**AIM OF THE EXERCISE:** Your answer should be one number, the count of lines in the entries holding the word "SUBTRACT".
··· AVAILABLE RECORDS ···
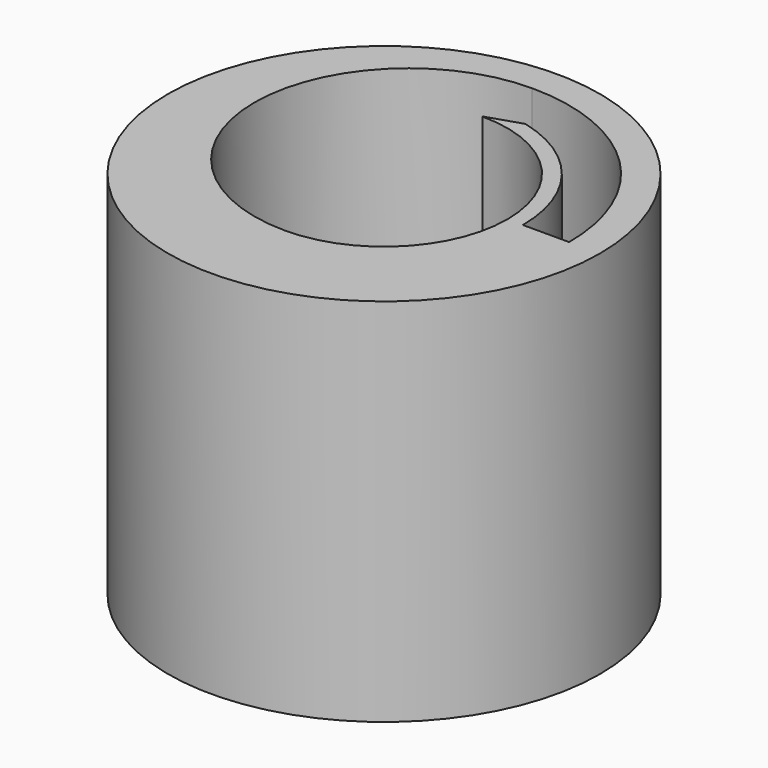
from build123d import *

# Parameters (mm, degrees)
F0_R        = 44.45
F1_DEPTH    = 76.2
F3_DEPTH    = 38.1
F4_T1_DEPTH = 56.0791508125
F5_DEPTH    = 76.201


# Not quite as in the source:
# - a fillet or chamfer that OpenCascade refuses, or shapes differently, is made with other operations: its cross-section is extruded or revolved along the edge and cut away or added


with BuildPart() as f1:
    # F0 (on Top) → F1 (new body)
    with BuildSketch(Plane.XY):
        Circle(F0_R)
    extrude(amount=F1_DEPTH)

    # F2 (on face) → F3 (cut)
    with BuildSketch(Plane.XY.offset(76.2)):
        with BuildLine():
            Line((0, 28.575), (0, 38.1))
            ThreePointArc((0, 38.1), (-28.175329967, 20.986026826), (-25.976370723, -11.90625))
            ThreePointArc((-25.976370723, -11.90625), (-24.0494461345, 15.4322637881), (0, 28.575))
        make_face()
        with BuildLine():
            ThreePointArc((0, 28.575), (-24.0494461345, 15.4322637881), (-25.976370723, -11.90625))
            ThreePointArc((-25.976370723, -11.90625), (-14.636026826, -21.825329967), (0, -25.4))
            ThreePointArc((0, -25.4), (-25.4, 0), (0, 25.4))
            Line((0, 25.4), (0, 28.575))
        make_face()
        with BuildLine():
            ThreePointArc((0, 25.4), (-25.4, 0), (0, -25.4))
            Line((0, -25.4), (0, -2.38125))
            ThreePointArc((0, -2.38125), (-2.38125, 0), (0, 2.38125))
            Line((0, 2.38125), (0, 25.4))
        make_face()
        with BuildLine():
            Line((0, -2.38125), (0, -25.4))
            ThreePointArc((0, -25.4), (17.9605122421, -17.9605122421), (25.4, 0))
            ThreePointArc((25.4, 0), (17.9605122421, 17.9605122421), (0, 25.4))
            Line((0, 25.4), (0, 2.38125))
            ThreePointArc((0, 2.38125), (1.6837980227, 1.6837980227), (2.38125, 0))
            ThreePointArc((2.38125, 0), (1.6837980227, -1.6837980227), (0, -2.38125))
        make_face()
        with BuildLine():
            Line((28.575, 0), (38.1, 0))
            ThreePointArc((38.1, 0), (26.9407683632, 26.9407683632), (0, 38.1))
            Line((0, 38.1), (0, 28.575))
            ThreePointArc((0, 28.575), (20.2055762724, 20.2055762724), (28.575, 0))
        make_face()
    extrude(amount=-F3_DEPTH, mode=Mode.SUBTRACT)

    # F4: chamfer of 6.35 x 2.3112109876 on 1 edges, made by hand

    # F4_s2 → F4_t1 (cut)
    with BuildSketch(Plane.XY.offset(38.1)):
        with BuildLine():
            Line((0, 25.4845857979), (6.9087994087, 27.7272269751))
            ThreePointArc((6.9087994087, 27.7272269751), (3.5951834098, 28.3479325745), (0, 28.575))
            Line((0, 28.575), (0, 25.4845857979))
        make_face()
    extrude(amount=F4_T1_DEPTH, mode=Mode.SUBTRACT)

    # F5 (cut, through all): a face of the model
    f5_faces = [f1.faces().sort_by_distance(p)[0] for p in [
        (0, 0, 76.2),
    ]]
    extrude(f5_faces, amount=-F5_DEPTH, mode=Mode.SUBTRACT)


solid = f1.part
···
**RESULT BELOW:** 3